4. Industry Background, Blue Chip References, Business Process Know-How — In some cases, these criteria would appear above the third screening. Depends on the situation. But there’s no question that having relevant industry experience and business process know-how really helps your cause in an SAP hiring situation these days. The more you can speak to the problems a particular type of client is facing, the more marketable you are.

Sometimes this means having exposure to SAP’s industry solutions. Other times it just means having some career focus. Let’s face it, implementing SAP for the U.S. Army is a little different than implementing SAP for Walt Disney or MIT. Having some industry focus really comes into play now with SAP’s eSOA-driven emphasis on becoming the "business process platform" of the future.

As for "blue chip references," you can never get enough of those. It’s amazing how different a resume looks when you have projects that have brand name recognition. It may not be fair, but it’s a factor, and if you have such references, there’s no reason not to play them up.

5. Certifications — In many cases, certifications don’t come into play. I put them on the last of this list to emphasize once again that aspiring consultants put too much weight on SAP certifications over project credentials. Before you blow cash on SAP certification, just make sure you are clear that you are only solving the fifth level of screening.

Having said that, I do find that certification can be a "tie-breaker" between two equally qualified candidates, and I could see our imaginary Tier One hiring manager emphasizing certification more than we typically see, if only because it might save some money investing in certification from the get-go. There’s no question that the big consultancies like to say that all their consultants are certified, so it can be useful to have that certification going in.

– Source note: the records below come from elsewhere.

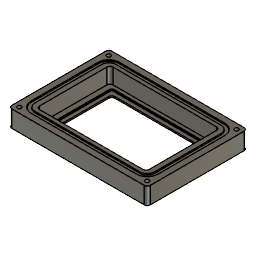
Base V3.4 (Autodesk Fusion 360 design; units mm, degrees)
part number: 2026-01-30-14-30-51-369
Autodesk Fusion 360 part; units mm, degrees
note: some values were not read from the file. Set by a fixed rule: which sketch regions a step uses.
sketch "Sketch1" plane through (0, 0, 0) normal (0, 0, 1) x (1, 0, 0)
  line L0 (86, -65) -> (-86, -65)
  line L1 (-90, -61) -> (-90, 61)
  line L2 (-86, 65) -> (86, 65)
  line L3 (90, 61) -> (90, -61)
  line L4 (90, -65) -> (-90, 65) construction
  line L5 (-90, -65) -> (90, 65) construction
  arc A0 (-86, 65) -> (-90, 61) centre (-86, 61) ccw
  arc A1 (90, 61) -> (86, 65) centre (86, 61) ccw
  arc A2 (86, -65) -> (90, -61) centre (86, -61) ccw
  arc A3 (-90, -61) -> (-86, -65) centre (-86, -61) ccw
  circle A4 centre (-83, 58) radius 2.6
  line L6 (0, 65) -> (0, -65) construction
  line L7 (90, 0) -> (-90, 0) construction
  circle A5 centre (83, 58) radius 2.6
  circle A6 centre (83, -58) radius 2.6
  circle A7 centre (-83, -58) radius 2.6
  dimension "d1" = 180
  dimension "d2" = 130
  dimension "d26" = 4
  dimension "d27" = 4
  dimension "d28" = 4
  dimension "d29" = 4
  dimension "d30" = 5.2
  dimension "d31" = 7
  dimension "d32" = 7
  constraint horizontal L0
  constraint perpendicular L0 L1
  constraint parallel L0 L2
  constraint parallel L1 L3
  constraint coincident L4 origin
  constraint coincident L5 origin
  constraint coincident L4.end L2
  constraint coincident L4.end L1
  constraint tangent L2 A0
  constraint tangent L1 A0
  constraint coincident L5.end L3
  constraint coincident L5.end L2
  constraint tangent L3 A1
  constraint tangent L2 A1
  constraint coincident L4.start L3
  constraint coincident L4.start L0
  constraint tangent L3 A2
  constraint tangent L0 A2
  constraint coincident L5.start L1
  constraint coincident L5.start L0
  constraint tangent L1 A3
  constraint tangent L0 A3
  constraint midpoint L2 L6.start
  constraint midpoint L0 L6.end
  constraint midpoint L3 L7.start
  constraint midpoint L1 L7.end
  constraint symmetric A4 L6 A5
  constraint symmetric A4 L7 A7
  constraint symmetric L7 A5 A6
  measures "d1" distance of L4.end L5.end
  measures "d2" distance of L5.start L4.end
  measures "d26" radius of A0
  measures "d27" radius of A1
  measures "d28" radius of A2
  measures "d29" radius of A3
  measures "d30" diameter of A4
  measures "d31" distance of L2 A4.centre
  measures "d32" distance of L1 A4.centre
extrude "Extrude1" add sketch "Sketch1" along normal blind 22
sketch "Sketch2" plane through (0, 0, 22) normal (0, 0, 1) x (-1, 0, 0)
  line L0 (-86, -65) -> (86, -65)
  line L1 (90, -61) -> (90, 61)
  line L2 (86, 65) -> (-86, 65)
  line L3 (-90, 61) -> (-90, -61)
  line L4 (-67.2, 47.75) -> (67.2, 47.75)
  line L5 (71.2, 43.75) -> (71.2, -43.75)
  line L6 (67.2, -47.75) -> (-67.2, -47.75)
  line L7 (-71.2, -43.75) -> (-71.2, 43.75)
  line L8 (-71.2, 47.75) -> (71.2, -47.75) construction
  line L9 (71.2, 47.75) -> (-71.2, -47.75) construction
  arc A0 (86, -65) -> (90, -61) centre (86, -61) ccw
  arc A1 (90, 61) -> (86, 65) centre (86, 61) ccw
  arc A2 (-86, 65) -> (-90, 61) centre (-86, 61) ccw
  arc A3 (-90, -61) -> (-86, -65) centre (-86, -61) ccw
  circle A4 centre (83, 58) radius 2.6
  circle A5 centre (-83, 58) radius 2.6
  circle A6 centre (-83, -58) radius 2.6
  circle A7 centre (83, -58) radius 2.6
  arc A8 (67.2, -47.75) -> (71.2, -43.75) centre (67.2, -43.75) ccw
  arc A9 (-71.2, -43.75) -> (-67.2, -47.75) centre (-67.2, -43.75) ccw
  arc A10 (71.2, 43.75) -> (67.2, 47.75) centre (67.2, 43.75) ccw
  arc A11 (-67.2, 47.75) -> (-71.2, 43.75) centre (-67.2, 43.75) ccw
  dimension "d5" = 142.4
  dimension "d6" = 95.5
  dimension "d52" = 4
  dimension "d53" = 4
  dimension "d54" = 4
  dimension "d55" = 4
  constraint horizontal L4
  constraint perpendicular L4 L5
  constraint parallel L4 L6
  constraint parallel L5 L7
  constraint coincident L8 origin
  constraint coincident L9 origin
  constraint coincident L8.end L6
  constraint coincident L8.end L5
  constraint tangent L6 A8
  constraint tangent L5 A8
  constraint coincident L9.end L6
  constraint coincident L9.end L7
  constraint tangent L6 A9
  constraint tangent L7 A9
  constraint coincident L9.start L5
  constraint coincident L9.start L4
  constraint tangent L5 A10
  constraint tangent L4 A10
  constraint coincident L8.start L7
  constraint coincident L8.start L4
  constraint tangent L7 A11
  constraint tangent L4 A11
  measures "d5" distance of L8.end L9.end
  measures "d6" distance of L9.start L8.end
  measures "d52" radius of A8
  measures "d53" radius of A9
  measures "d54" radius of A10
  measures "d55" radius of A11
extrude "Extrude2" cut sketch "Sketch2" against normal blind 20 contours L4 L5 L6 L7 A8 A9 A10 A11
sketch "Sketch3" plane through (0, 0, 22) normal (0, 0, 1) x (-1, 0, 0)
  line L0 (71.2, 43.75) -> (71.2, -43.75)
  line L1 (67.2, -47.75) -> (-67.2, -47.75)
  line L2 (-71.2, -43.75) -> (-71.2, 43.75)
  line L3 (-67.2, 47.75) -> (67.2, 47.75)
  line L4 (-86, -65) -> (86, -65)
  line L5 (90, -61) -> (90, 61)
  line L6 (86, 65) -> (-86, 65)
  line L7 (-90, 61) -> (-90, -61)
  line L8 (-79.9494, 54.9494) -> (79.9494, 54.9494) construction
  line L9 (79.9494, 54.9494) -> (79.9494, -54.9494) construction
  line L10 (79.9494, -54.9494) -> (-79.9494, -54.9494) construction
  line L11 (-79.9494, -54.9494) -> (-79.9494, 54.9494) construction
  line L12 (-79.9494, 54.9494) -> (79.9494, -54.9494) construction
  line L13 (79.9494, 54.9494) -> (-79.9494, -54.9494) construction
  line L14 (77.8149, 43.2459) -> (77.8149, -43.2459)
  line L15 (68.2459, -52.8149) -> (-68.2459, -52.8149)
  line L16 (-77.8149, -43.2459) -> (-77.8149, 43.2459)
  line L17 (-69.6267, 47.2574) -> (77.8149, -52.8149) construction
  line L18 (70.6619, 45.6619) -> (-70.6619, -45.6619) construction
  line L19 (-68.2459, 57.0839) -> (68.2459, 57.0839)
  line L20 (82.0839, 43.2459) -> (82.0839, -43.2459)
  line L21 (68.2459, -57.0839) -> (-68.2459, -57.0839)
  line L22 (-82.0839, -43.2459) -> (-82.0839, 43.2459)
  line L23 (-72.3401, 50.3077) -> (82.0839, -57.0839) construction
  line L24 (73.5309, 48.5309) -> (-73.5309, -48.5309) construction
  arc A0 (68.2459, -52.8149) -> (77.8149, -43.2459) centre (68.2459, -43.2459) ccw
  arc A1 (68.2459, -57.0839) -> (82.0839, -43.2459) centre (68.2459, -43.2459) ccw
  line L25 (0, -65) -> (0, 65) construction
  line L26 (-90, 0) -> (90, 0) construction
  arc A2 (-77.8149, -43.2459) -> (-68.2459, -52.8149) centre (-68.2459, -43.2459) ccw
  arc A3 (-82.0839, -43.2459) -> (-68.2459, -57.0839) centre (-68.2459, -43.2459) ccw
  arc A4 (-68.2459, 52.8149) -> (-77.8149, 43.2459) centre (-68.2459, 43.2459) ccw
  arc A5 (-68.2459, 57.0839) -> (-82.0839, 43.2459) centre (-68.2459, 43.2459) ccw
  arc A6 (77.8149, 43.2459) -> (68.2459, 52.8149) centre (68.2459, 43.2459) ccw
  arc A7 (82.0839, 43.2459) -> (68.2459, 57.0839) centre (68.2459, 43.2459) ccw
  line L27 (-68.2459, 52.8149) -> (68.2459, 52.8149)
  arc A8 (86, -65) -> (90, -61) centre (86, -61) ccw
  arc A9 (90, 61) -> (86, 65) centre (86, 61) ccw
  arc A10 (-86, 65) -> (-90, 61) centre (-86, 61) ccw
  arc A11 (-90, -61) -> (-86, -65) centre (-86, -61) ccw
  circle A12 centre (83, 58) radius 2.6
  circle A13 centre (-83, 58) radius 2.6
  circle A14 centre (-83, -58) radius 2.6
  circle A15 centre (83, -58) radius 2.6
  arc A16 (71.2, 43.75) -> (67.2, 47.75) centre (67.2, 43.75) ccw
  arc A17 (67.2, -47.75) -> (71.2, -43.75) centre (67.2, -43.75) ccw
  arc A18 (-71.2, -43.75) -> (-67.2, -47.75) centre (-67.2, -43.75) ccw
  arc A19 (-67.2, 47.75) -> (-71.2, 43.75) centre (-67.2, 43.75) ccw
  dimension "d9" = 159.8988
  dimension "d15" = 109.8988
  dimension "d16" = 2.1345
  dimension "d17" = 2.1345
  dimension "d18" = 2.1345
  dimension "d19" = 2.1345
  dimension "d20" = 9.569
  dimension "d21" = 13.838
  constraint horizontal L8
  constraint perpendicular L8 L9
  constraint parallel L8 L10
  constraint parallel L9 L11
  constraint coincident L12 origin
  constraint coincident L13 origin
  constraint parallel L15 L27
  constraint parallel L14 L16
  constraint coincident L17 origin
  constraint coincident L18 origin
  constraint horizontal L19
  constraint perpendicular L19 L20
  constraint parallel L19 L21
  constraint parallel L20 L22
  constraint coincident L23 origin
  constraint coincident L24 origin
  constraint coincident L17.end L15
  constraint coincident L17.end L14
  constraint tangent L15 A0
  constraint tangent L14 A0
  constraint coincident L23.end L21
  constraint coincident L23.end L20
  constraint tangent L21 A1
  constraint tangent L20 A1
  constraint midpoint L4 L25.start
  constraint midpoint L6 L25.end
  constraint midpoint L7 L26.start
  constraint midpoint L5 L26.end
  constraint symmetric L15.start L25 L15.end
  constraint symmetric L14.end L25 L16.start
  constraint symmetric A0 L25 A2
  constraint symmetric L21.start L25 L21.end
  constraint symmetric L20.end L25 L22.start
  constraint symmetric A1 L25 A3
  constraint symmetric L15.start L26 A6.end
  constraint symmetric L14.end L26 L14.start
  constraint symmetric A0 L26 A6
  constraint symmetric L21.start L26 L19.end
  constraint symmetric L20.end L26 L20.start
  constraint symmetric A1 L26 A7
  constraint symmetric L26 L15.end A4.start
  constraint symmetric L26 L16.start L16.end
  constraint symmetric L26 A2 A4
  constraint symmetric L26 L21.end L19.start
  constraint symmetric L26 L22.start L22.end
  constraint symmetric L26 A3 A5
  measures "d9" distance of L8.start L8.end
  measures "d15" distance of L8 L10
  measures "d16" distance of L11 L16
  measures "d17" distance of L10 L15
  measures "d18" distance of L11 L22
  measures "d19" distance of L10 L21
  measures "d20" radius of A0
  measures "d21" radius of A1
extrude "Extrude3" cut sketch "Sketch3" against normal blind 1.424 contours L19 L20 L21 L22 A1 A3 A5 A7
draft "Draft1" angle 10 neutral plane through (0, 0, 20.576) pull (0, 0, 1) 16 faces at (-77.8149, -14.4153, 21.5253) (-71.8024, 52.1295, 21.0507) (-22.7486, 52.8149, 21.5253) (72.6307, 51.7512, 21.0507) (77.8149, 14.4153, 21.5253) (73.0304, -51.5329, 21.0507) (22.7486, -52.8149, 21.5253) (-77.1295, -46.8024, 21.0507) (-82.0839, -14.4153, 21.5253) (-76.2727, -54.518, 21.0507) (-22.7486, -57.0839, 21.0507) (82.0213, -44.5613, 21.0507) (82.0839, 14.4153, 21.5253) (77.7952, 53.2609, 21.0507) (22.7486, 57.0839, 21.0507) (-76.8, 54.1233, 21.0507)
sketch "Sketch6" plane through (0, 0, 2) normal (0, 0, 1) x (-1, 0, 0)
  arc A0 (71.2, 43.75) -> (67.2, 47.75) centre (67.2, 43.75) ccw
  line L0 (67.2, 47.75) -> (-67.2, 47.75)
  arc A1 (-67.2, 47.75) -> (-71.2, 43.75) centre (-67.2, 43.75) ccw
  line L1 (-71.2, 43.75) -> (-71.2, -43.75)
  arc A2 (-71.2, -43.75) -> (-67.2, -47.75) centre (-67.2, -43.75) ccw
  line L2 (-67.2, -47.75) -> (67.2, -47.75)
  arc A3 (67.2, -47.75) -> (71.2, -43.75) centre (67.2, -43.75) ccw
  line L3 (71.2, -43.75) -> (71.2, 43.75)
  arc A4 (60.9079, -41.3399) -> (62.4799, -39.7679) centre (60.9079, -39.7679) ccw construction
  arc A5 (-62.4799, -39.7399) -> (-60.9079, -41.3119) centre (-60.9079, -39.7399) ccw construction
  line L4 (-48.9575, -41.8399) -> (48.9575, -41.8399) construction
  line L5 (48.9575, 41.8399) -> (-48.9575, 41.8399) construction
  line L6 (-62.9799, 29.7119) -> (-62.9799, 27.8175) construction
  line L7 (48.9575, -41.8399) -> (50.8519, -41.8399) construction
  line L8 (62.4799, 30.3078) -> (62.4799, 39.7679) construction
  arc A6 (-60.88, 42.74) -> (-63.88, 39.74) centre (-60.88, 39.74) ccw construction
  line L9 (63.88, 39.74) -> (63.88, -39.74) construction
  arc A7 (63.88, 39.74) -> (60.88, 42.74) centre (60.88, 39.74) ccw construction
  line L10 (-62.9799, -29.7119) -> (-62.4799, -30.3078) construction
  line L11 (51.4478, 41.3399) -> (50.8519, 41.8399) construction
  arc A8 (60.88, -42.74) -> (63.88, -39.74) centre (60.88, -39.74) ccw construction
  line L12 (-48.9575, 41.8399) -> (-50.8519, 41.8399) construction
  line L13 (-60.88, 42.74) -> (60.88, 42.74) construction
  line L14 (-62.9799, -27.8175) -> (-62.9799, -29.7119) construction
  line L15 (60.88, -42.74) -> (-60.88, -42.74) construction
  line L16 (62.9799, 29.7119) -> (62.4799, 30.3078) construction
  line L17 (-50.8519, 41.8399) -> (-51.4811, 41.3119) construction
  line L18 (62.4799, -39.7679) -> (62.4799, -30.3078) construction
  line L19 (-50.8519, -41.8399) -> (-48.9575, -41.8399) construction
  line L20 (60.9079, 41.3399) -> (51.4478, 41.3399) construction
  line L21 (50.8519, 41.8399) -> (48.9575, 41.8399) construction
  line L22 (62.9799, 27.8175) -> (62.9799, 29.7119) construction
  line L23 (51.4478, -41.3399) -> (60.9079, -41.3399) construction
  line L24 (62.9799, -27.8175) -> (62.9799, 27.8175) construction
  line L25 (-63.88, -39.74) -> (-63.88, 39.74) construction
  line L26 (50.8519, -41.8399) -> (51.4478, -41.3399) construction
  line L27 (62.9799, -29.7119) -> (62.9799, -27.8175) construction
  arc A9 (-63.88, -39.74) -> (-60.88, -42.74) centre (-60.88, -39.74) ccw construction
  arc A10 (62.4799, 39.7679) -> (60.9079, 41.3399) centre (60.9079, 39.7679) ccw construction
  line L28 (62.4799, -30.3078) -> (62.9799, -29.7119) construction
  line L29 (-62.4799, 30.3078) -> (-62.9799, 29.7119) construction
  line L30 (-60.9079, -41.3119) -> (-51.4811, -41.3119) construction
  arc A11 (-60.9079, 41.3119) -> (-62.4799, 39.7399) centre (-60.9079, 39.7399) ccw construction
  line L31 (-51.4811, -41.3119) -> (-50.8519, -41.8399) construction
  line L32 (-51.4811, 41.3119) -> (-60.9079, 41.3119) construction
  line L33 (-62.4799, 39.7399) -> (-62.4799, 30.3078) construction
  line L34 (-62.4799, -30.3078) -> (-62.4799, -39.7399) construction
  line L35 (-62.9799, 27.8175) -> (-62.9799, -27.8175) construction
  line L36 (0, -47.75) -> (0, 47.75) construction
  line L37 (-71.2, 0) -> (71.2, 0) construction
  line L38 (-60.85, 43.25) -> (60.85, 43.25)
  line L39 (64.35, 39.75) -> (64.35, -39.75)
  line L40 (60.85, -43.25) -> (-60.85, -43.25)
  line L41 (-64.35, -39.75) -> (-64.35, 39.75)
  line L42 (-64.35, 43.25) -> (64.35, -43.25) construction
  line L43 (64.35, 43.25) -> (-64.35, -43.25) construction
  arc A12 (60.85, -43.25) -> (64.35, -39.75) centre (60.85, -39.75) ccw
  arc A13 (-64.35, -39.75) -> (-60.85, -43.25) centre (-60.85, -39.75) ccw
  arc A14 (-60.85, 43.25) -> (-64.35, 39.75) centre (-60.85, 39.75) ccw
  arc A15 (64.35, 39.75) -> (60.85, 43.25) centre (60.85, 39.75) ccw
  line L44 (-60.85, 40.75) -> (60.85, 40.75)
  line L45 (61.85, 39.75) -> (61.85, -39.75)
  line L46 (60.85, -40.75) -> (-60.85, -40.75)
  line L47 (-61.85, -39.75) -> (-61.85, 39.75)
  line L48 (-61.85, 40.75) -> (61.85, -40.75) construction
  line L49 (61.85, 40.75) -> (-61.85, -40.75) construction
  arc A16 (-61.85, -39.75) -> (-60.85, -40.75) centre (-60.85, -39.75) ccw
  arc A17 (60.85, -40.75) -> (61.85, -39.75) centre (60.85, -39.75) ccw
  arc A18 (61.85, 39.75) -> (60.85, 40.75) centre (60.85, 39.75) ccw
  arc A19 (-60.85, 40.75) -> (-61.85, 39.75) centre (-60.85, 39.75) ccw
  dimension "d56" = 128.7
  dimension "d57" = 86.5
  dimension "d58" = 3.5
  dimension "d59" = 3.5
  dimension "d60" = 3.5
  dimension "d61" = 3.5
  dimension "d63" = 2.5
  dimension "d64" = 2.5
  dimension "d65" = 1
  dimension "d66" = 1
  dimension "d67" = 1
  dimension "d68" = 1
  constraint midpoint L2 L36.start
  constraint midpoint L0 L36.end
  constraint midpoint L1 L37.start
  constraint midpoint L3 L37.end
  constraint horizontal L38
  constraint perpendicular L38 L39
  constraint parallel L38 L40
  constraint parallel L39 L41
  constraint coincident L42 origin
  constraint coincident L43 origin
  constraint coincident L42.end L40
  constraint coincident L42.end L39
  constraint tangent L40 A12
  constraint tangent L39 A12
  constraint coincident L43.end L41
  constraint coincident L43.end L40
  constraint tangent L41 A13
  constraint tangent L40 A13
  constraint coincident L42.start L41
  constraint coincident L42.start L38
  constraint tangent L41 A14
  constraint tangent L38 A14
  constraint coincident L43.start L38
  constraint coincident L43.start L39
  constraint tangent L38 A15
  constraint tangent L39 A15
  constraint horizontal L44
  constraint perpendicular L44 L45
  constraint parallel L44 L46
  constraint parallel L45 L47
  constraint coincident L48 origin
  constraint coincident L49 origin
  constraint coincident L49.end L47
  constraint coincident L49.end L46
  constraint tangent L47 A16
  constraint tangent L46 A16
  constraint coincident L48.end L46
  constraint coincident L48.end L45
  constraint tangent L46 A17
  constraint tangent L45 A17
  constraint coincident L49.start L44
  constraint coincident L49.start L45
  constraint tangent L44 A18
  constraint tangent L45 A18
  constraint coincident L48.start L47
  constraint coincident L48.start L44
  constraint tangent L47 A19
  constraint tangent L44 A19
  measures "d56" distance of L42.end L43.end
  measures "d57" distance of L43.start L42.end
  measures "d58" radius of A12
  measures "d59" radius of A13
  measures "d60" radius of A14
  measures "d61" radius of A15
  measures "d63" distance of L41 L47
  measures "d64" distance of L40 L46
  measures "d65" radius of A16
  measures "d66" radius of A17
  measures "d67" radius of A18
  measures "d68" radius of A19
extrude "Extrude7" cut sketch "Sketch6" against normal blind 1 contours L38 L39 L40 L41 A12 A13 A14 A15
sketch "Sketch4" plane through (0, 0, 2) normal (0, 0, 1) x (-1, 0, 0)
  line L0 (-67.2, -47.75) -> (67.2, -47.75)
  line L1 (71.2, -43.75) -> (71.2, 43.75)
  line L2 (67.2, 47.75) -> (-67.2, 47.75)
  line L3 (-71.2, 43.75) -> (-71.2, -43.75)
  line L4 (-52.85, 35.75) -> (52.85, 35.75)
  line L5 (56.85, 31.75) -> (56.85, -31.75)
  line L6 (52.85, -35.75) -> (-52.85, -35.75)
  line L7 (-56.85, -31.75) -> (-56.85, 31.75)
  line L8 (-56.85, 35.75) -> (56.85, -35.75) construction
  line L9 (56.85, 35.75) -> (-56.85, -35.75) construction
  arc A0 (71.2, 43.75) -> (67.2, 47.75) centre (67.2, 43.75) ccw
  arc A1 (-67.2, 47.75) -> (-71.2, 43.75) centre (-67.2, 43.75) ccw
  arc A2 (-71.2, -43.75) -> (-67.2, -47.75) centre (-67.2, -43.75) ccw
  arc A3 (67.2, -47.75) -> (71.2, -43.75) centre (67.2, -43.75) ccw
  arc A4 (52.85, -35.75) -> (56.85, -31.75) centre (52.85, -31.75) ccw
  arc A5 (-56.85, -31.75) -> (-52.85, -35.75) centre (-52.85, -31.75) ccw
  arc A6 (-52.85, 35.75) -> (-56.85, 31.75) centre (-52.85, 31.75) ccw
  arc A7 (56.85, 31.75) -> (52.85, 35.75) centre (52.85, 31.75) ccw
  line L10 (64.35, 39.75) -> (64.35, -39.75)
  arc A8 (60.85, -43.25) -> (64.35, -39.75) centre (60.85, -39.75) ccw
  line L11 (60.85, -43.25) -> (-60.85, -43.25)
  arc A9 (-64.35, -39.75) -> (-60.85, -43.25) centre (-60.85, -39.75) ccw
  line L12 (-64.35, -39.75) -> (-64.35, 39.75)
  arc A10 (-60.85, 43.25) -> (-64.35, 39.75) centre (-60.85, 39.75) ccw
  line L13 (-60.85, 43.25) -> (60.85, 43.25)
  arc A11 (64.35, 39.75) -> (60.85, 43.25) centre (60.85, 39.75) ccw
  line L14 (61.85, -39.75) -> (61.85, 39.75)
  arc A12 (61.85, 39.75) -> (60.85, 40.75) centre (60.85, 39.75) ccw
  line L15 (60.85, 40.75) -> (-60.85, 40.75)
  arc A13 (-60.85, 40.75) -> (-61.85, 39.75) centre (-60.85, 39.75) ccw
  line L16 (-61.85, 39.75) -> (-61.85, -39.75)
  arc A14 (-61.85, -39.75) -> (-60.85, -40.75) centre (-60.85, -39.75) ccw
  line L17 (-60.85, -40.75) -> (60.85, -40.75)
  arc A15 (60.85, -40.75) -> (61.85, -39.75) centre (60.85, -39.75) ccw
  dimension "d71" = 4
  dimension "d72" = 4
  dimension "d73" = 4
  dimension "d74" = 4
  dimension "d77" = 5
  dimension "d78" = 5
  constraint horizontal L4
  constraint perpendicular L4 L5
  constraint parallel L4 L6
  constraint parallel L5 L7
  constraint coincident L8 origin
  constraint coincident L9 origin
  constraint coincident L8.end L6
  constraint coincident L8.end L5
  constraint tangent L6 A4
  constraint tangent L5 A4
  constraint coincident L9.end L6
  constraint coincident L9.end L7
  constraint tangent L6 A5
  constraint tangent L7 A5
  constraint coincident L8.start L7
  constraint coincident L8.start L4
  constraint tangent L7 A6
  constraint tangent L4 A6
  constraint coincident L9.start L4
  constraint coincident L9.start L5
  constraint tangent L4 A7
  constraint tangent L5 A7
  measures "d71" radius of A4
  measures "d72" radius of A5
  measures "d73" radius of A6
  measures "d74" radius of A7
  measures "d77" distance of L7 L16
  measures "d78" distance of L6 L17
extrude "Extrude8" cut sketch "Sketch4" against normal blind 5 contours L4 L5 L6 L7 A4 A5 A6 A7
equation "d9 = ( ORingPerimeter - 100 mm ) / 4 + 50 mm"
equation "ORingDiameter = 1.78 mm" comment "Diamter of the O ring"
equation "ORingInnerDiameter = 170 mm" comment "Inner diamter of the o ring bore"
equation "ORingPerimeter = 2 * 3.1412 * ( ( ORingInnerDiameter / 2 ) + ORingDiameter / 2 )"
equation "PanelWidth = 80 mm"
equation "PanelLength = 115 mm"
equation "d15 = ( ORingPerimeter - 100 mm ) / 4"
equation "d16 = ( ( ORingDiameter * 1.05 ) / 2 ) + 1.2 mm"
equation "d17 = ( ( ORingDiameter * 1.05 ) / 2 ) + 1.2 mm"
equation "d18 = ( ( ORingDiameter * 1.05 ) / 2 ) + 1.2 mm"
equation "d19 = ( ( ORingDiameter * 1.05 ) / 2 ) + 1.2 mm"
equation "d20 = ( ORingDiameter ) * 6 + ORingDiameter * 0.05 - 1.2 mm"
equation "d21 = ( ORingDiameter ) * 6 + ( ORingDiameter * 1.1 ) + 1.2 mm"
equation "d22 = -ORingDiameter * 0.8"
equation "d30 = Insert_OD - 0.5 mm"
equation "ORing2Diameter = 2 mm" comment "Second O ring Diameter"
equation "ORing2InnerDiameter = 126 mm" comment "Inner diameter of the second O Ring"
equation "ORing2Perimeter = 2 * 3.1412 * ( ( ORing2InnerDiameter / 2 ) + ORing2Diameter / 2 )"
equation "Bolt_Diam = 4 mm" comment "Diameter of the bolt"
equation "Bolt_Head_Height = 4 mm" comment "height of the bolt head"
equation "Bolt_Head_Diam = 7.22 mm" comment "Diameter of the bolt head"
equation "Insert_OD = 5.7 mm" comment "Outer Diameter of the insert"

This blog entry is a pretty gross oversimplification of the SAP hiring process. For example, I didn’t even touch on "willingness to travel" and other consulting lifestyle considerations. Often there are several separate screens just on the "current skills" section. But what I hope I have accomplished is to give some level of insight into the screening phases that hiring managers employ to narrow the pool. The better we understand the hiring game, the better our chances in the SAP marketplace.